### Instructions for the task
With the pictures excluded, retype the records that follow exactly.

### Extracted data
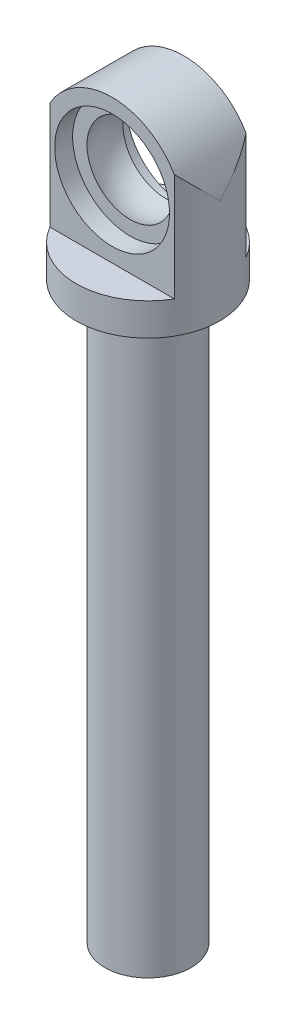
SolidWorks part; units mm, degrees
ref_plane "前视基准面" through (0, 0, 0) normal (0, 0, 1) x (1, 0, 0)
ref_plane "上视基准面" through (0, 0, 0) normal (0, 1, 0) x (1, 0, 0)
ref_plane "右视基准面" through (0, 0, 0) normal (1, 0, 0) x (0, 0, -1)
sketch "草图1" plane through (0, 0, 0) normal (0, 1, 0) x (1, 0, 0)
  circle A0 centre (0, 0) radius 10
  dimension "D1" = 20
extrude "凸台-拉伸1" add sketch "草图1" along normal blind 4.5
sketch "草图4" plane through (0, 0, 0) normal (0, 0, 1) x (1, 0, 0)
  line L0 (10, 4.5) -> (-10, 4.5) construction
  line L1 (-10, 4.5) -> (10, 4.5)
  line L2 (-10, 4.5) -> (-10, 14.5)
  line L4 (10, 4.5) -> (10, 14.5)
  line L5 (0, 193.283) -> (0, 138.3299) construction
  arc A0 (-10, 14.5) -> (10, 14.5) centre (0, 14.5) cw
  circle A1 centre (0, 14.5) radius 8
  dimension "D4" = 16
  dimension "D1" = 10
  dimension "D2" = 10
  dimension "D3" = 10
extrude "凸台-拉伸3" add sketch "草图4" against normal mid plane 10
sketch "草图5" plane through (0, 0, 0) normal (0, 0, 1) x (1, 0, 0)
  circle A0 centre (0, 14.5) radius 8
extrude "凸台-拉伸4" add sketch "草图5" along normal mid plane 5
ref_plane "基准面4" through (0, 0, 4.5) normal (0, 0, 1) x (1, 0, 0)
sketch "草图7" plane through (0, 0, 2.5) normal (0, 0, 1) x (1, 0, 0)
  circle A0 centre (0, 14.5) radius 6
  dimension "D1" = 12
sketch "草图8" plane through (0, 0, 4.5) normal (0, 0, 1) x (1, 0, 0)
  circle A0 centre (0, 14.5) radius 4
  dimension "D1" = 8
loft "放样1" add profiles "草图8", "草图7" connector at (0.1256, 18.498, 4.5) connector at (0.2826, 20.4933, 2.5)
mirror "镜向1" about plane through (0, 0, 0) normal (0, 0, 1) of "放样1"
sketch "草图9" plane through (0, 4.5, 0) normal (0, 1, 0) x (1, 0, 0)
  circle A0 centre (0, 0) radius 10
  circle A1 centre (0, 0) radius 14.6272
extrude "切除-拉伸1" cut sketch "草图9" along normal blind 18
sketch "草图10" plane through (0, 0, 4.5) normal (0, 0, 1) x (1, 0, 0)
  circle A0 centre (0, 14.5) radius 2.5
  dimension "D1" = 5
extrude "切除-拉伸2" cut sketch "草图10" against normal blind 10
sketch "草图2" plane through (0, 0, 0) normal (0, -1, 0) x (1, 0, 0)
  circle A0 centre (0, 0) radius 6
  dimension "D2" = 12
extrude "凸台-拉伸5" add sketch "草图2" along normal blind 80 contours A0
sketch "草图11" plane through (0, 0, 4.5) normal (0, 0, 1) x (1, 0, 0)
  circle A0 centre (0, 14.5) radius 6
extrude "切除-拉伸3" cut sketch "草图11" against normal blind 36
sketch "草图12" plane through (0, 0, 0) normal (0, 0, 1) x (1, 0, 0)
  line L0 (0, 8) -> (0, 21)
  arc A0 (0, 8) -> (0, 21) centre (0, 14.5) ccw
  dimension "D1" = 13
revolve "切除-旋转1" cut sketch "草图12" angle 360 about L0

### Answer box
SolidWorks part; units mm, degrees
ref_plane "前视基准面" through (0, 0, 0) normal (0, 0, 1) x (1, 0, 0)
ref_plane "上视基准面" through (0, 0, 0) normal (0, 1, 0) x (1, 0, 0)
ref_plane "右视基准面" through (0, 0, 0) normal (1, 0, 0) x (0, 0, -1)
sketch "草图1" plane through (0, 0, 0) normal (0, 1, 0) x (1, 0, 0)
  circle A0 centre (0, 0) radius 10
  dimension "D1" = 20
extrude "凸台-拉伸1" add sketch "草图1" along normal blind 4.5
sketch "草图4" plane through (0, 0, 0) normal (0, 0, 1) x (1, 0, 0)
  line L0 (10, 4.5) -> (-10, 4.5) construction
  line L1 (-10, 4.5) -> (10, 4.5)
  line L2 (-10, 4.5) -> (-10, 14.5)
  line L4 (10, 4.5) -> (10, 14.5)
  line L5 (0, 193.283) -> (0, 138.3299) construction
  arc A0 (-10, 14.5) -> (10, 14.5) centre (0, 14.5) cw
  circle A1 centre (0, 14.5) radius 8
  dimension "D4" = 16
  dimension "D1" = 10
  dimension "D2" = 10
  dimension "D3" = 10
extrude "凸台-拉伸3" add sketch "草图4" against normal mid plane 10
sketch "草图5" plane through (0, 0, 0) normal (0, 0, 1) x (1, 0, 0)
  circle A0 centre (0, 14.5) radius 8
extrude "凸台-拉伸4" add sketch "草图5" along normal mid plane 5
ref_plane "基准面4" through (0, 0, 4.5) normal (0, 0, 1) x (1, 0, 0)
sketch "草图7" plane through (0, 0, 2.5) normal (0, 0, 1) x (1, 0, 0)
  circle A0 centre (0, 14.5) radius 6
  dimension "D1" = 12
sketch "草图8" plane through (0, 0, 4.5) normal (0, 0, 1) x (1, 0, 0)
  circle A0 centre (0, 14.5) radius 4
  dimension "D1" = 8
loft "放样1" add profiles "草图8", "草图7" connector at (0.1256, 18.498, 4.5) connector at (0.2826, 20.4933, 2.5)
mirror "镜向1" about plane through (0, 0, 0) normal (0, 0, 1) of "放样1"
sketch "草图9" plane through (0, 4.5, 0) normal (0, 1, 0) x (1, 0, 0)
  circle A0 centre (0, 0) radius 10
  circle A1 centre (0, 0) radius 14.6272
extrude "切除-拉伸1" cut sketch "草图9" along normal blind 18
sketch "草图10" plane through (0, 0, 4.5) normal (0, 0, 1) x (1, 0, 0)
  circle A0 centre (0, 14.5) radius 2.5
  dimension "D1" = 5
extrude "切除-拉伸2" cut sketch "草图10" against normal blind 10
sketch "草图2" plane through (0, 0, 0) normal (0, -1, 0) x (1, 0, 0)
  circle A0 centre (0, 0) radius 6
  dimension "D2" = 12
extrude "凸台-拉伸5" add sketch "草图2" along normal blind 80 contours A0
sketch "草图11" plane through (0, 0, 4.5) normal (0, 0, 1) x (1, 0, 0)
  circle A0 centre (0, 14.5) radius 6
extrude "切除-拉伸3" cut sketch "草图11" against normal blind 36
sketch "草图12" plane through (0, 0, 0) normal (0, 0, 1) x (1, 0, 0)
  line L0 (0, 8) -> (0, 21)
  arc A0 (0, 8) -> (0, 21) centre (0, 14.5) ccw
  dimension "D1" = 13
revolve "切除-旋转1" cut sketch "草图12" angle 360 about L0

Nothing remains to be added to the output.